Почти задохнувшись, она с открытым ртом перевела дыханье, запила пивом и больно закашлялась, а муж протянул руку и как-то благоговейно смахнул повисшую у ней слезинку.
— Нежная, летящая над миром в вас душа, Ксения Аркадьевна... — взволнованно сказал Фирсов, — но зачем вы так торопитесь промотать последний грошик жизни? Это уж не щедрость, а растрата...

За приступом кашля вряд ли она расслышала хоть слово.
— И я не жалуюсь, Федор Федорыч, что солнышка на мою долю мало досталось... даже слюбилась с ненастьем моим... иной раз ноги застынут мокрые, а мне все одно хорошо!.. И я богу моему по гроб благодарная, что он мне, шлюхе, такого человека, Саньку Велосипеда, лучшего человека на земле, в мужья послал! Видать, я тому матросу из твоей книжки сродни, помнишь? — Она улыбнулась, переходя на певучий размер народного сказа. — Славно у тебя описано, Федор Федорыч, — как отстал он в тифу, помнится, от своего отряда в гражданскую войну и привалился, бедняга, к тыну передохнуть, а уж такая слякоть стояла в тот вечерочек по всей земле. А случилось тут фее-красоточке по делам окрестность пролетать... заприметила бродягу, да и втюрилась на свою печаль, как часто с нашей сестрой бывает... вот как я в тебя, Саня!.. ни за что бабенка врезалась, единственно за его бездомное да несбыточное скитание. Вся затрепетала, бедная, вознесла моряка к себе в небесные хоромы, подлечила, устроила ему чистую семейную жизнь при полном окружающем достатке. Стал поправляться парень, а через недельку омордател совсем от трехразового-то питания... и помнишь, Федор Федорыч, как у тебя там сказано? «Не то чтоб помогал дамочке своей в ее благотворительной деятельности, а преимущественно создавал ей необходимое к тому расположение...» — прочла наизусть Ксения, и никогда еще на фирсовской памяти так не совпадал его влой и хлесткий текст с душой чтеца. — Словом, стал при ней тот матросик, по-нашему, по-блатному, вроде заправский кот...

В это самое время какое-то чрезвычайное замешательство случилось в пивной. Заодно с оркестром все затихло ненадолго, самая речь и звон посуды, холодком повеяло от входной двери, и почти рядом с фирсовским столиком произошла краткая суматоха, по ни Ксения, ни оба ее слушателя даже не оглянулись, увлеченные рассказом.

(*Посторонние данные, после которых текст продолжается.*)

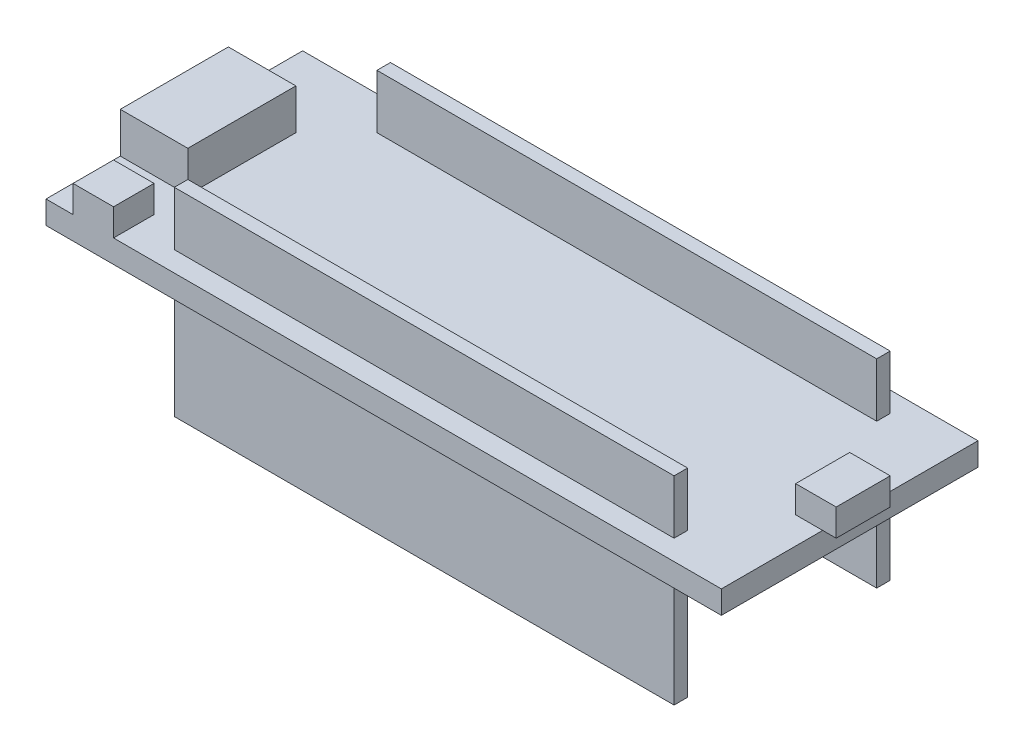
SolidWorks part; units mm, degrees
ref_plane "Спереди" through (0, 0, 0) normal (0, 0, 1) x (1, 0, 0)
ref_plane "Сверху" through (0, 0, 0) normal (0, 1, 0) x (1, 0, 0)
ref_plane "Справа" through (0, 0, 0) normal (1, 0, 0) x (0, 0, -1)
other "Центр тяжести"
sketch "Эскиз1" plane through (0, 0, 0) normal (0, 1, 0) x (1, 0, 0)
  line L1 (-25, -9.5) -> (25, -9.5)
  line L2 (-25, -9.5) -> (-25, 9.5)
  line L3 (-25, 9.5) -> (25, 9.5)
  line L4 (25, -9.5) -> (25, 9.5)
  line L5 (-25, -9.5) -> (25, 9.5) construction
  line L6 (-25, 9.5) -> (25, -9.5) construction
  point P0 (0, 0)
  dimension "D1" = 50
  dimension "D2" = 19
extrude "Бобышка-Вытянуть1" add sketch "Эскиз1" along normal blind 1.7
sketch "Эскиз2" plane through (0, 1.7, 0) normal (0, 1, 0) x (1, 0, 0)
  line L0 (-25, 9.5) -> (-25, -9.5) construction
  line L1 (-20, 4) -> (-25, 4)
  line L2 (-20, 4) -> (-20, -4)
  line L3 (-20, -4) -> (-25, -4)
  line L4 (-25, 4) -> (-25, -4)
  line L5 (-20, 4) -> (-25, -4) construction
  line L6 (-20, -4) -> (-25, 4) construction
  line L7 (33.4258, 0) -> (-35.8999, 0) construction
  point P0 (-22.5, 0)
  dimension "D1" = 5
  dimension "D2" = 8
extrude "Бобышка-Вытянуть2" add sketch "Эскиз2" along normal blind 3
sketch "Эскиз3" plane through (0, 1.7, 0) normal (0, 1, 0) x (1, 0, 0)
  line L0 (-25, -9.5) -> (25, -9.5) construction
  line L1 (-20, -9.5) -> (-23, -9.5)
  line L2 (-20, -9.5) -> (-20, -6.5)
  line L3 (-20, -6.5) -> (-23, -6.5)
  line L4 (-23, -9.5) -> (-23, -6.5)
  line L5 (-25, -4) -> (-25, -9.5) construction
  dimension "D1" = 2
  dimension "D2" = 3
  dimension "D3" = 3
extrude "Бобышка-Вытянуть3" add sketch "Эскиз3" along normal blind 2
sketch "Эскиз4" plane through (0, 1.7, 0) normal (0, 1, 0) x (1, 0, 0)
  line L6 (31.6187, 0) -> (-38.1006, 0) construction
  line L7 (20, 7) -> (-17, 7)
  line L8 (-17, 8) -> (-17, 7)
  line L9 (20, 8) -> (-17, 8)
  line L10 (20, 8) -> (20, 7)
  line L11 (25, 9.5) -> (-25, 9.5) construction
  line L12 (20, -8) -> (20, -7)
  line L13 (20, -8) -> (-17, -8)
  line L14 (-17, -8) -> (-17, -7)
  line L15 (20, -7) -> (-17, -7)
  dimension "D1" = 1
  dimension "D2" = 1.5
extrude "Бобышка-Вытянуть4" add sketch "Эскиз4" along normal blind 4 and the other way blind 10.7
sketch "Эскиз6" plane through (0, 0, 0) normal (0, -1, 0) x (1, 0, 0)
  line L0 (-25, -9.5) -> (-25, 9.5) construction
  line L1 (-22, -1) -> (-25, -1)
  line L2 (-22, -1) -> (-22, 1)
  line L3 (-22, 1) -> (-25, 1)
  line L4 (-25, -1) -> (-25, 1)
  line L5 (-22, -1) -> (-25, 1) construction
  line L6 (-22, 1) -> (-25, -1) construction
  line L7 (-29.7036, 0) -> (52.9071, 0) construction
  point P0 (-23.5, 0)
  dimension "D1" = 2
  dimension "D2" = 3
extrude "Бобышка-Вытянуть6" add sketch "Эскиз6" along normal blind 1
sketch "Эскиз7" plane through (0, 1.7, 0) normal (0, 1, 0) x (1, 0, 0)
  line L1 (26, -2) -> (23, -2)
  line L2 (26, -2) -> (26, 2)
  line L3 (26, 2) -> (23, 2)
  line L4 (23, -2) -> (23, 2)
  line L6 (23, -2) -> (26, 2) construction
  line L7 (26, -2) -> (23, 2) construction
  line L8 (-5.4773, 0) -> (45.3746, 0) construction
  point P0 (24.5, 0)
  dimension "D1" = 3
  dimension "D2" = 4
extrude "Бобышка-Вытянуть7" add sketch "Эскиз7" along normal blind 2

Тут еще Санька обеспокоенпо тронул локоть жены, потому что слишком уж исходила палящим жаром, словно и впрямь догорала на лету.
— Сам же он, Фирсов, и писал, глупая... чего ж ты ему рассказываешь?
— Не мешайте, Бабкин, у меня это всего лишь чернилами написано... — сурово обмолвился Фирсов.
— Так валялся раз матросик в ожидании ненаглядной феечки, поглядывал со своей облачной перинки в сумеречки под собою... — продолжала Ксения и вдруг благодарно погладила фирсовскую руку. — Россия наша внизу под ним лежала, и по всей той России дождик шел. И неизвестно, чего вдруг от этого парню приключилось, а только поскидал он с себя легкую ночную одежку из стрекозиных крылышек, достал болотные свои сапоги, в старый бушлат облачился поверх тельняшки, да, пока не воротилась, и шмыгнул с высот от своего круглосуточного счастья в самую что ни есть хлябь беспросветную, на эту, как ее?.. ну, на проклятую нашу и милую!.. Покажи мне чернильницу свою, Федор Федорыч, я ее поцелую... во как! — заключила Санышна жена дрогнувшим голосом, и опять в ее влажной, глубоко запавшей глазнице сверкнуло что-то, потрясшее Фирсова.
— Тут не в авторе, в рассказчике дело... — хмуро проворчал он. — И так полагаю, что ежели в печной горшок раскаленной человечины налить, да обруча железные нагнать потуже, чтоб не лоппул, да на небо подальше закинуть... годов сто заместо солнца прослужит!
— И греть будет, кому холодно... — чуть поостынув, подтвердила Санькина жена. — Признаться, у меня двойное чувство, Федор Федорыч. Сердцем-то я и понимаю матросягу твоего: ни кислого там, ни горького, ни снежка, ни огорченьица... Опять же — оно и деньги-то хранить на теле жутко, а счастьем владеть еще страшней... поминутно трястись со страху: не потерять бы! Но только... разве надежда лучше счастья, Федор Федорыч? За то и разругали в газетах сказку твою, одна я тебя пожалела...
— Это верно, досталось мне тогда... даже банщики и брадобреи выражали сочувствие! — иронически подтвердил Фирсов.
— А вот Санька вовсе не понял, хоть я ему дважды вслух прочла...
— Чего ж там непонятного? — защищался Ксеньин муж. — Матрос, он шибко сознательный был!.. если с полгодика в полном счастии проваляться, не хотеть ничего да ни к чему не стремиться, так ведь все производство на земле остановится, самая душа закоченеет навек... не зря мы на богачей и руку подняли! А может, бывших товарищей своих сверху увидел, как они жизнь свою за какое-нибудь там рассвятое дело отдавать шли. Я раз с дружком одним этак-то, лицом к лицу столкнулся, так на всем ходу из трамвая выкинулся, лишь бы не опознал. Кровь в ладонях проступила, как я ими по асфальту хлестанулся...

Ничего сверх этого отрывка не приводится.